Participants in a photographs conservation training course in Beirut, Lebanon, view historic black and white photos

MEPPI course in Beirut, Lebanon. Photo: Tram Vo

Three courses will be offered through MEPPI, and the first was a training workshop in Beirut last November. Participants from eight different countries—Egypt, Iran, Iraq, Jordan, Lebanon, Morocco, Palestine, and Syria—were introduced to key concepts and practices in the identification, preservation, and display of photographic material. The workshop also provided an opportunity to network with other professionals from the region and learn about other collections.

Participants are now in the distance mentoring part of the course, which consists of self-study with mentors. Throughout an eight-month period, they will remain in contact with the instructors, who provide advice, guidance, and additional information to assist them in their work with their collections.
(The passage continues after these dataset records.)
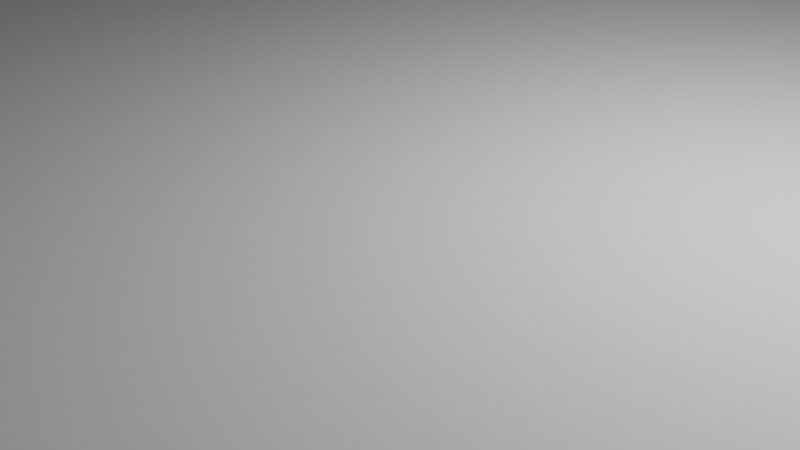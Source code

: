 # Source: untitled.blend  (saved by Blender 3.1.7; exported with 4.5.12 LTS)
import bpy
from mathutils import Matrix  # noqa: F401  (used for matrix-valued properties, if any)

bpy.ops.wm.read_factory_settings(use_empty=True)
scene = bpy.context.scene
scene.name = 'Scene'

# ---- collections
col_collection = bpy.data.collections.new('Collection'); scene.collection.children.link(col_collection)

# ---- materials (node trees are filled in below, after node groups)
mat_material = bpy.data.materials.new('Material')
mat_material.alpha_threshold = 0.0
mat_material.use_transparent_shadow = False
mat_material.line_color = (0.0, 0.0, 0.0, 1.0)

# ---- material node trees
mat_material.use_nodes = True; mat_material.node_tree.nodes.clear()
_N = mat_material.node_tree.nodes; _L = mat_material.node_tree.links
n0 = _N.new('ShaderNodeOutputMaterial'); n0.name = 'Material Output'; n0.location = (300, 300)
n1 = _N.new('ShaderNodeBsdfPrincipled'); n1.name = 'Principled BSDF'; n1.location = (10, 300)
n1.distribution = 'GGX'
n1.subsurface_method = 'RANDOM_WALK_SKIN'
n1.inputs[2].default_value = 0.4
n1.inputs[3].default_value = 1.45
n1.inputs[27].default_value = (0.0, 0.0, 0.0, 1.0)
n1.inputs[28].default_value = 1.0
_L.new(n1.outputs[0], n0.inputs[0])
n0.is_active_output = True

# ---- world
world_world = bpy.data.worlds.new('World'); scene.world = world_world
world_world.use_nodes = True; world_world.node_tree.nodes.clear()
_N = world_world.node_tree.nodes; _L = world_world.node_tree.links
n0 = _N.new('ShaderNodeOutputWorld'); n0.name = 'World Output'; n0.location = (300, 300)
n1 = _N.new('ShaderNodeBackground'); n1.name = 'Background'; n1.location = (10, 300)
n1.inputs[0].default_value = (0.05088, 0.05088, 0.05088, 1.0)
_L.new(n1.outputs[0], n0.inputs[0])
n0.is_active_output = True
world_world.color = (0.05088, 0.05088, 0.05088)
world_world.use_sun_shadow = False
world_world.sun_shadow_jitter_overblur = 0.0

# ---- cameras
cam_camera = bpy.data.cameras.new('Camera')
cam_camera.clip_end = 100.0
cam_camera.ortho_scale = 7.314

# ---- lights
light_light = bpy.data.lights.new('Light', 'POINT')
light_light.transmission_factor = 0.0
light_light.energy = 1000.0
light_light.shadow_soft_size = 0.1
light_light.shadow_maximum_resolution = 0.006
light_light.use_absolute_resolution = True

# ---- meshes
me_cube = bpy.data.meshes.new('Cube')
me_cube.from_pydata([(1.0, 1.0, 1.0), (1.0, 1.0, -1.0), (1.0, -1.0, 1.0), (1.0, -1.0, -1.0), (-1.0, 1.0, 1.0), (-1.0, 1.0, -1.0), (-1.0, -1.0, 1.0), (-1.0, -1.0, -1.0)], [], [(0, 4, 6, 2), (3, 2, 6, 7), (7, 6, 4, 5), (5, 1, 3, 7), (1, 0, 2, 3), (5, 4, 0, 1)])
_uv = me_cube.uv_layers.new(name='UVMap')
_uv.uv.foreach_set('vector', [0.625, 0.5, 0.875, 0.5, 0.875, 0.75, 0.625, 0.75, 0.375, 0.75, 0.625, 0.75, 0.625, 1.0, 0.375, 1.0, 0.375, 0.0, 0.625, 0.0, 0.625, 0.25, 0.375, 0.25, 0.125, 0.5, 0.375, 0.5, 0.375, 0.75, 0.125, 0.75, 0.375, 0.5, 0.625, 0.5, 0.625, 0.75, 0.375, 0.75, 0.375, 0.25, 0.625, 0.25, 0.625, 0.5, 0.375, 0.5])
me_cube.materials.append(mat_material)
me_cube.use_remesh_preserve_volume = False
me_cube.use_remesh_preserve_attributes = False
me_cube.use_mirror_vertex_groups = False
me_cube.update()
me_cube_001 = bpy.data.meshes.new('Cube.001')
me_cube_001.from_pydata([(-1.0, -1.0, -1.0), (-1.0, -1.0, 1.0), (-1.0, 1.0, -1.0), (-1.0, 1.0, 1.0), (1.0, -1.0, -1.0), (1.0, -1.0, 1.0), (1.0, 1.0, -1.0), (1.0, 1.0, 1.0), (-0.1413, -0.2949, -1.0), (-0.1384, -0.3242, -1.0), (-0.1384, -0.2656, -1.0), (-0.1298, -0.3523, -1.0), (-0.116, -0.2116, -1.0), (-0.116, -0.3782, -1.0), (-0.1298, -0.2375, -1.0), (-0.09733, -0.401, -1.0), (-0.0746, -0.1702, -1.0), (-0.02053, -0.442, -1.0), (-0.04867, -0.4335, -1.0), (-0.02053, -0.1478, -1.0), (-0.0746, -0.4196, -1.0), (-0.04867, -0.1563, -1.0), (-0.09733, -0.1888, -1.0), (0.038, -0.442, -1.0), (0.038, -0.1478, -1.0), (0.09207, -0.4196, -1.0), (0.09207, -0.1702, -1.0), (0.06614, -0.4335, -1.0), (0.06614, -0.1563, -1.0), (0.1335, -0.3782, -1.0), (0.1335, -0.2116, -1.0), (0.1587, -0.2949, -1.0), (0.1559, -0.2656, -1.0), (0.1559, -0.3242, -1.0), (0.1473, -0.2375, -1.0), (0.1473, -0.3523, -1.0), (0.1148, -0.1888, -1.0), (0.008735, -0.4449, -1.0), (0.1148, -0.401, -1.0), (0.008735, -0.1449, -1.0), (-0.1413, -0.2949, 1.0), (-0.1384, -0.3242, 1.0), (-0.1384, -0.2656, 1.0), (-0.116, -0.3782, 1.0), (-0.116, -0.2116, 1.0), (-0.1298, -0.3523, 1.0), (-0.1298, -0.2375, 1.0), (-0.0746, -0.4196, 1.0), (-0.0746, -0.1702, 1.0), (-0.02053, -0.442, 1.0), (-0.02053, -0.1478, 1.0), (-0.04867, -0.4335, 1.0), (-0.04867, -0.1563, 1.0), (0.008735, -0.4449, 1.0), (-0.09733, -0.401, 1.0), (-0.09733, -0.1888, 1.0), (0.038, -0.442, 1.0), (0.038, -0.1478, 1.0), (0.09207, -0.4196, 1.0), (0.09207, -0.1702, 1.0), (0.06614, -0.4335, 1.0), (0.06614, -0.1563, 1.0), (0.1335, -0.3782, 1.0), (0.1335, -0.2116, 1.0), (0.1587, -0.2949, 1.0), (0.1559, -0.3242, 1.0), (0.1559, -0.2656, 1.0), (0.1473, -0.3523, 1.0), (0.1473, -0.2375, 1.0), (0.1148, -0.401, 1.0), (0.1148, -0.1888, 1.0), (0.008735, -0.1449, 1.0), (0.5119, -0.2935, -1.0), (0.5134, -0.3081, -1.0), (0.5134, -0.2788, -1.0), (0.5246, -0.3351, -1.0), (0.5246, -0.2518, -1.0), (0.5176, -0.3222, -1.0), (0.5176, -0.2648, -1.0), (0.5453, -0.3558, -1.0), (0.5453, -0.2311, -1.0), (0.5723, -0.367, -1.0), (0.5723, -0.2199, -1.0), (0.5582, -0.3628, -1.0), (0.5582, -0.2242, -1.0), (0.5339, -0.3465, -1.0), (0.5339, -0.2404, -1.0), (0.6016, -0.367, -1.0), (0.6016, -0.2199, -1.0), (0.6286, -0.3558, -1.0), (0.6286, -0.2311, -1.0), (0.6156, -0.3628, -1.0), (0.6156, -0.2242, -1.0), (0.6493, -0.3351, -1.0), (0.6493, -0.2518, -1.0), (0.6619, -0.2935, -1.0), (0.6605, -0.3081, -1.0), (0.6605, -0.2788, -1.0), (0.6562, -0.3222, -1.0), (0.6562, -0.2648, -1.0), (0.64, -0.3465, -1.0), (0.64, -0.2404, -1.0), (0.5869, -0.2185, -1.0), (0.5869, -0.3685, -1.0), (0.5119, -0.2935, 1.0), (0.5134, -0.3081, 1.0), (0.5134, -0.2788, 1.0), (0.5246, -0.3351, 1.0), (0.5246, -0.2518, 1.0), (0.5176, -0.3222, 1.0), (0.5176, -0.2648, 1.0), (0.5453, -0.3558, 1.0), (0.5453, -0.2311, 1.0), (0.5723, -0.367, 1.0), (0.5723, -0.2199, 1.0), (0.5582, -0.3628, 1.0), (0.5582, -0.2242, 1.0), (0.5339, -0.3465, 1.0), (0.5339, -0.2404, 1.0), (0.6016, -0.367, 1.0), (0.6016, -0.2199, 1.0), (0.6286, -0.3558, 1.0), (0.6286, -0.2311, 1.0), (0.6156, -0.3628, 1.0), (0.6156, -0.2242, 1.0), (0.6493, -0.3351, 1.0), (0.6493, -0.2518, 1.0), (0.6619, -0.2935, 1.0), (0.6605, -0.3081, 1.0), (0.6605, -0.2788, 1.0), (0.6562, -0.3222, 1.0), (0.6562, -0.2648, 1.0), (0.64, -0.3465, 1.0), (0.64, -0.2404, 1.0), (0.5869, -0.2185, 1.0), (0.5869, -0.3685, 1.0), (-0.6486, -0.2977, -1.0), (-0.6472, -0.3123, -1.0), (-0.6472, -0.283, -1.0), (-0.6429, -0.3264, -1.0), (-0.636, -0.256, -1.0), (-0.636, -0.3393, -1.0), (-0.6429, -0.269, -1.0), (-0.6266, -0.3507, -1.0), (-0.6153, -0.2353, -1.0), (-0.5882, -0.3712, -1.0), (-0.6023, -0.367, -1.0), (-0.5882, -0.2241, -1.0), (-0.6153, -0.36, -1.0), (-0.6023, -0.2284, -1.0), (-0.6266, -0.2446, -1.0), (-0.559, -0.3712, -1.0), (-0.559, -0.2241, -1.0), (-0.5319, -0.36, -1.0), (-0.5319, -0.2353, -1.0), (-0.5449, -0.367, -1.0), (-0.5449, -0.2284, -1.0), (-0.5112, -0.3393, -1.0), (-0.5112, -0.256, -1.0), (-0.4986, -0.2977, -1.0), (-0.5, -0.283, -1.0), (-0.5043, -0.3264, -1.0), (-0.5, -0.3123, -1.0), (-0.5043, -0.269, -1.0), (-0.5206, -0.2446, -1.0), (-0.5206, -0.3507, -1.0), (-0.5736, -0.3727, -1.0), (-0.5736, -0.2227, -1.0), (-0.6486, -0.2977, 1.0), (-0.6472, -0.3123, 1.0), (-0.6472, -0.283, 1.0), (-0.636, -0.3393, 1.0), (-0.6429, -0.269, 1.0), (-0.6429, -0.3264, 1.0), (-0.636, -0.256, 1.0), (-0.6153, -0.36, 1.0), (-0.6266, -0.2446, 1.0), (-0.5882, -0.2241, 1.0), (-0.5882, -0.3712, 1.0), (-0.6023, -0.2284, 1.0), (-0.6023, -0.367, 1.0), (-0.6153, -0.2353, 1.0), (-0.6266, -0.3507, 1.0), (-0.559, -0.3712, 1.0), (-0.559, -0.2241, 1.0), (-0.5319, -0.36, 1.0), (-0.5319, -0.2353, 1.0), (-0.5449, -0.367, 1.0), (-0.5449, -0.2284, 1.0), (-0.5112, -0.3393, 1.0), (-0.5112, -0.256, 1.0), (-0.4986, -0.2977, 1.0), (-0.5, -0.283, 1.0), (-0.5043, -0.3264, 1.0), (-0.5, -0.3123, 1.0), (-0.5043, -0.269, 1.0), (-0.5206, -0.2446, 1.0), (-0.5206, -0.3507, 1.0), (-0.5736, -0.3727, 1.0), (-0.5736, -0.2227, 1.0)], [], [(0, 1, 3, 2), (2, 3, 7, 6), (6, 7, 5, 4), (4, 5, 1, 0), (72, 73, 29, 35, 33, 31, 32, 34, 30, 36, 26, 28, 24, 39, 19, 21, 16, 22, 12, 14, 10, 8, 9, 11, 13, 0, 148, 146, 145, 166, 151, 155, 153, 165, 157, 161, 162, 159, 160, 163, 158, 164, 154, 156, 152, 167, 147, 149, 2, 6, 4, 89, 100, 93, 98, 96, 95, 97, 99, 94, 101, 90, 92, 88, 102, 82, 84, 80, 86, 76, 78, 74), (148, 0, 2, 149, 144, 150, 140, 142, 138, 136, 137, 139, 141, 143), (91, 89, 4, 29, 73, 77, 75, 85, 79, 83, 81, 103, 87), (38, 29, 4, 0, 13, 15, 20, 18, 17, 37, 23, 27, 25), (54, 43, 1, 5, 62, 69, 58, 60, 56, 53, 49, 51, 47), (175, 1, 43, 45, 41, 40, 42, 46, 44, 55, 48, 52, 50, 71, 57, 61, 59, 70, 63, 68, 66, 64, 65, 67, 62, 5, 121, 123, 119, 135, 113, 115, 111, 117, 107, 109, 105, 104, 106, 110, 108, 118, 112, 116, 114, 134, 120, 124, 7, 3, 179, 177, 199, 184, 188, 186, 196, 190, 195, 192, 191, 194, 193, 189, 197, 185, 187, 183, 198, 178, 180), (179, 3, 1, 175, 182, 171, 173, 169, 168, 170, 172, 174, 176, 181), (132, 121, 5, 7, 124, 122, 133, 126, 131, 129, 127, 128, 130, 125), (71, 39, 24, 57), (57, 24, 28, 61), (61, 28, 26, 59), (59, 26, 36, 70), (36, 30, 63, 70), (30, 34, 68, 63), (34, 32, 66, 68), (32, 31, 64, 66), (31, 33, 65, 64), (33, 35, 67, 65), (35, 29, 62, 67), (29, 38, 69, 62), (38, 25, 58, 69), (25, 27, 60, 58), (27, 23, 56, 60), (23, 37, 53, 56), (37, 17, 49, 53), (17, 18, 51, 49), (18, 20, 47, 51), (20, 15, 54, 47), (54, 15, 13, 43), (43, 13, 11, 45), (45, 11, 9, 41), (41, 9, 8, 40), (40, 8, 10, 42), (42, 10, 14, 46), (46, 14, 12, 44), (44, 12, 22, 55), (55, 22, 16, 48), (48, 16, 21, 52), (52, 21, 19, 50), (50, 19, 39, 71), (134, 102, 88, 120), (120, 88, 92, 124), (124, 92, 90, 122), (122, 90, 101, 133), (101, 94, 126, 133), (94, 99, 131, 126), (99, 97, 129, 131), (97, 95, 127, 129), (95, 96, 128, 127), (96, 98, 130, 128), (98, 93, 125, 130), (93, 100, 132, 125), (100, 89, 121, 132), (89, 91, 123, 121), (91, 87, 119, 123), (87, 103, 135, 119), (103, 81, 113, 135), (81, 83, 115, 113), (83, 79, 111, 115), (79, 85, 117, 111), (117, 85, 75, 107), (107, 75, 77, 109), (109, 77, 73, 105), (105, 73, 72, 104), (104, 72, 74, 106), (106, 74, 78, 110), (110, 78, 76, 108), (108, 76, 86, 118), (118, 86, 80, 112), (112, 80, 84, 116), (116, 84, 82, 114), (114, 82, 102, 134), (199, 167, 152, 184), (184, 152, 156, 188), (188, 156, 154, 186), (186, 154, 164, 196), (164, 158, 190, 196), (158, 163, 195, 190), (163, 160, 192, 195), (160, 159, 191, 192), (159, 162, 194, 191), (162, 161, 193, 194), (161, 157, 189, 193), (157, 165, 197, 189), (165, 153, 185, 197), (153, 155, 187, 185), (155, 151, 183, 187), (151, 166, 198, 183), (166, 145, 178, 198), (145, 146, 180, 178), (146, 148, 175, 180), (148, 143, 182, 175), (182, 143, 141, 171), (171, 141, 139, 173), (173, 139, 137, 169), (169, 137, 136, 168), (168, 136, 138, 170), (170, 138, 142, 172), (172, 142, 140, 174), (174, 140, 150, 176), (176, 150, 144, 181), (181, 144, 149, 179), (179, 149, 147, 177), (177, 147, 167, 199)])
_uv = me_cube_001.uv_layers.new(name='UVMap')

During this phase the participants also have projects to be carried out in their own institutions.

The first assignment was to raise awareness and support for the photographic collections within their respective institutions through presentations for colleagues and decision makers.

Participant in a photographs conservation training course held in Beirut gives a presentation to colleagues

MEPPI Beirut participant giving a presentation to colleagues about the workshop and the distance-mentoring assignments.

A number of participants reached out to an even broader, more public audience. Mohammadreza Tahmasebpour, an independent researcher from Iran, shared a selection of images from the Golestan Palace Museum archives and other private collections through a moderated online slideshow on the Internet. Clare Davies from the Qasr el Boubara Institute for Historical Research in Egypt, and Ibrahim Abdel-Fattah from the Grand Egyptian Museum, presented a public lecture earlier this year at Contemporary Image Collective in Cairo on Egypt’s photographic heritage.

The next assignment is to conduct a survey of the environment and housing conditions for an institution’s photograph collection. In September a final follow-up meeting will take place in Morocco, which will allow instructors and participants to review the progress made over the previous months.

The second of the three courses that are being offered through this initiative will start in November in Abu Dhabi. Applications for MEPPI Abu Dhabi 2012 are now available to all qualified personnel from the region, with a deadline of May 27, 2012.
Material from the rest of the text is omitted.